Items from a dataset:
■ ■ ■ ■
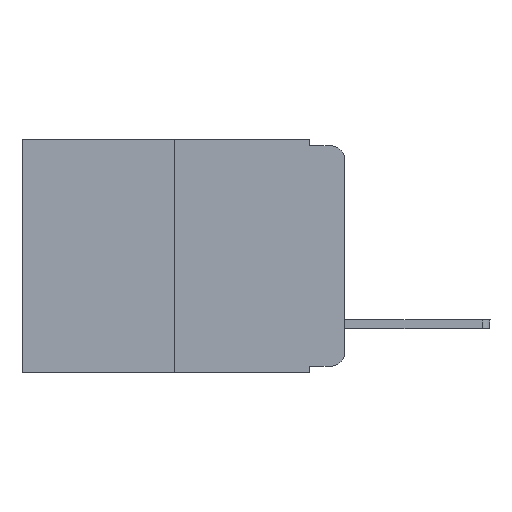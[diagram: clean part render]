
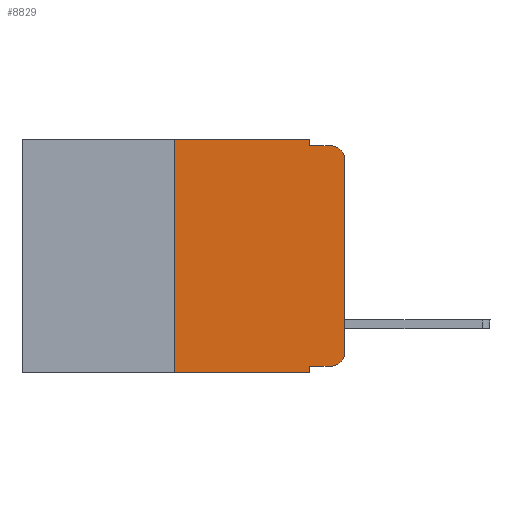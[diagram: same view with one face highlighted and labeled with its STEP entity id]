
A CAD part, left-side view. The second image highlights one B-rep face of the part: STEP entity #8829.
In plain terms, the highlighted planar face has unit normal (-1, 0, 0).
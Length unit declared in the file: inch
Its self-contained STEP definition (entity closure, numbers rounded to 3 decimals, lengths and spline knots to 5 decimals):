
#350 = VECTOR ( 'NONE', #2500, 39.37008 ) ;
#453 = LINE ( 'NONE', #10051, #350 ) ;
#487 = VERTEX_POINT ( 'NONE', #3230 ) ;
#629 = EDGE_CURVE ( 'NONE', #10517, #805, #4103, .T. ) ;
#805 = VERTEX_POINT ( 'NONE', #9753 ) ;
#938 = CARTESIAN_POINT ( 'NONE',  ( 0., 0., -0.313 ) ) ;
#1007 = LINE ( 'NONE', #1835, #10833 ) ;
#1068 = CIRCLE ( 'NONE', #11116, 0.02 ) ;
#1341 = CARTESIAN_POINT ( 'NONE',  ( 0., 0., 0. ) ) ;
#1460 = VERTEX_POINT ( 'NONE', #2371 ) ;
#1639 = ORIENTED_EDGE ( 'NONE', *, *, #12269, .F. ) ;
#1714 = CARTESIAN_POINT ( 'NONE',  ( 0., 0.051, -0.01 ) ) ;
#1835 = CARTESIAN_POINT ( 'NONE',  ( 0., 0.051, 0. ) ) ;
#2005 = DIRECTION ( 'NONE',  ( 0., 0., -1. ) ) ;
#2110 = CARTESIAN_POINT ( 'NONE',  ( 0., 0.051, -0.343 ) ) ;
#2118 = ORIENTED_EDGE ( 'NONE', *, *, #629, .T. ) ;
#2295 = AXIS2_PLACEMENT_3D ( 'NONE', #8289, #2708, #10123 ) ;
#2371 = CARTESIAN_POINT ( 'NONE',  ( 0., 0.25, 0. ) ) ;
#2500 = DIRECTION ( 'NONE',  ( 0., -1., 0. ) ) ;
#2577 = VERTEX_POINT ( 'NONE', #9646 ) ;
#2702 = ORIENTED_EDGE ( 'NONE', *, *, #9413, .T. ) ;
#2706 = EDGE_CURVE ( 'NONE', #10772, #10517, #5294, .T. ) ;
#2708 = DIRECTION ( 'NONE',  ( -1., 0., 0. ) ) ;
#2727 = DIRECTION ( 'NONE',  ( 0., -1., 0. ) ) ;
#2857 = ORIENTED_EDGE ( 'NONE', *, *, #8503, .T. ) ;
#2866 = VERTEX_POINT ( 'NONE', #1714 ) ;
#2944 = LINE ( 'NONE', #9735, #10634 ) ;
#3230 = CARTESIAN_POINT ( 'NONE',  ( 0., 0.25, -0.343 ) ) ;
#3421 = EDGE_CURVE ( 'NONE', #487, #1460, #11398, .T. ) ;
#3482 = ORIENTED_EDGE ( 'NONE', *, *, #4953, .T. ) ;
#3485 = ORIENTED_EDGE ( 'NONE', *, *, #7591, .F. ) ;
#3513 = DIRECTION ( 'NONE',  ( 0., 0., 1. ) ) ;
#3612 = ORIENTED_EDGE ( 'NONE', *, *, #5911, .F. ) ;
#3665 = LINE ( 'NONE', #7493, #4556 ) ;
#3714 = DIRECTION ( 'NONE',  ( 0., 0., -1. ) ) ;
#3821 = CARTESIAN_POINT ( 'NONE',  ( 0., 0.051, -0.333 ) ) ;
#3850 = FACE_OUTER_BOUND ( 'NONE', #6300, .T. ) ;
#3909 = CARTESIAN_POINT ( 'NONE',  ( 0., 0.473, 0. ) ) ;
#3989 = EDGE_CURVE ( 'NONE', #2866, #805, #4985, .T. ) ;
#4103 = CIRCLE ( 'NONE', #2295, 0.02 ) ;
#4556 = VECTOR ( 'NONE', #2727, 39.37008 ) ;
#4651 = PLANE ( 'NONE',  #10519 ) ;
#4731 = CARTESIAN_POINT ( 'NONE',  ( 0., 0.051, 0. ) ) ;
#4855 = DIRECTION ( 'NONE',  ( 0., -1., 0. ) ) ;
#4929 = VECTOR ( 'NONE', #5167, 39.37008 ) ;
#4953 = EDGE_CURVE ( 'NONE', #10479, #2577, #453, .T. ) ;
#4985 = LINE ( 'NONE', #8844, #5165 ) ;
#5165 = VECTOR ( 'NONE', #9839, 39.37008 ) ;
#5167 = DIRECTION ( 'NONE',  ( 0., 0., 1. ) ) ;
#5294 = LINE ( 'NONE', #1341, #4929 ) ;
#5587 = CARTESIAN_POINT ( 'NONE',  ( 0., 0.02, -0.313 ) ) ;
#5911 = EDGE_CURVE ( 'NONE', #12202, #2866, #1007, .T. ) ;
#6300 = EDGE_LOOP ( 'NONE', ( #12018, #2118, #11762, #3612, #1639, #12262, #2857, #3485, #3482, #2702 ) ) ;
#6732 = DIRECTION ( 'NONE',  ( 1., 0., 0. ) ) ;
#6749 = CARTESIAN_POINT ( 'NONE',  ( 0., 0.473, 0. ) ) ;
#6843 = DIRECTION ( 'NONE',  ( 0., 0., -1. ) ) ;
#6982 = VECTOR ( 'NONE', #4855, 39.37008 ) ;
#7493 = CARTESIAN_POINT ( 'NONE',  ( 0., 0.473, -0.343 ) ) ;
#7591 = EDGE_CURVE ( 'NONE', #10479, #10511, #2944, .T. ) ;
#7812 = LINE ( 'NONE', #6749, #6982 ) ;
#8280 = CARTESIAN_POINT ( 'NONE',  ( 0., 0.25, 0. ) ) ;
#8289 = CARTESIAN_POINT ( 'NONE',  ( 0., 0.02, -0.03 ) ) ;
#8503 = EDGE_CURVE ( 'NONE', #487, #10511, #3665, .T. ) ;
#8731 = DIRECTION ( 'NONE',  ( -1., 0., 0. ) ) ;
#8829 = ADVANCED_FACE ( 'NONE', ( #3850 ), #4651, .F. ) ;
#8844 = CARTESIAN_POINT ( 'NONE',  ( 0., 0.051, -0.01 ) ) ;
#9413 = EDGE_CURVE ( 'NONE', #2577, #10772, #1068, .T. ) ;
#9646 = CARTESIAN_POINT ( 'NONE',  ( 0., 0.02, -0.333 ) ) ;
#9735 = CARTESIAN_POINT ( 'NONE',  ( 0., 0.051, 0. ) ) ;
#9753 = CARTESIAN_POINT ( 'NONE',  ( 0., 0.02, -0.01 ) ) ;
#9839 = DIRECTION ( 'NONE',  ( 0., -1., 0. ) ) ;
#10051 = CARTESIAN_POINT ( 'NONE',  ( 0., 0.051, -0.333 ) ) ;
#10123 = DIRECTION ( 'NONE',  ( 0., 0., -1. ) ) ;
#10479 = VERTEX_POINT ( 'NONE', #3821 ) ;
#10511 = VERTEX_POINT ( 'NONE', #2110 ) ;
#10517 = VERTEX_POINT ( 'NONE', #11627 ) ;
#10519 = AXIS2_PLACEMENT_3D ( 'NONE', #3909, #6732, #3714 ) ;
#10634 = VECTOR ( 'NONE', #2005, 39.37008 ) ;
#10772 = VERTEX_POINT ( 'NONE', #938 ) ;
#10833 = VECTOR ( 'NONE', #11281, 39.37008 ) ;
#11116 = AXIS2_PLACEMENT_3D ( 'NONE', #5587, #8731, #6843 ) ;
#11281 = DIRECTION ( 'NONE',  ( 0., 0., -1. ) ) ;
#11398 = LINE ( 'NONE', #8280, #11407 ) ;
#11407 = VECTOR ( 'NONE', #3513, 39.37008 ) ;
#11627 = CARTESIAN_POINT ( 'NONE',  ( 0., 0., -0.03 ) ) ;
#11762 = ORIENTED_EDGE ( 'NONE', *, *, #3989, .F. ) ;
#12018 = ORIENTED_EDGE ( 'NONE', *, *, #2706, .T. ) ;
#12202 = VERTEX_POINT ( 'NONE', #4731 ) ;
#12262 = ORIENTED_EDGE ( 'NONE', *, *, #3421, .F. ) ;
#12269 = EDGE_CURVE ( 'NONE', #1460, #12202, #7812, .T. ) ;
■ ■ ■ ■
_Exercise_. Starting at the line that has "Its self-contained STEP" in the records above, restate word for word every line until the one that has "#805 = VERTEX_POINT ( 'NONE', #9753 ) ;", and include that one as well.

_Response area_.
Its self-contained STEP definition (entity closure, numbers rounded to 3 decimals, lengths and spline knots to 5 decimals):
#350 = VECTOR ( 'NONE', #2500, 39.37008 ) ;
#453 = LINE ( 'NONE', #10051, #350 ) ;
#487 = VERTEX_POINT ( 'NONE', #3230 ) ;
#629 = EDGE_CURVE ( 'NONE', #10517, #805, #4103, .T. ) ;
#805 = VERTEX_POINT ( 'NONE', #9753 ) ;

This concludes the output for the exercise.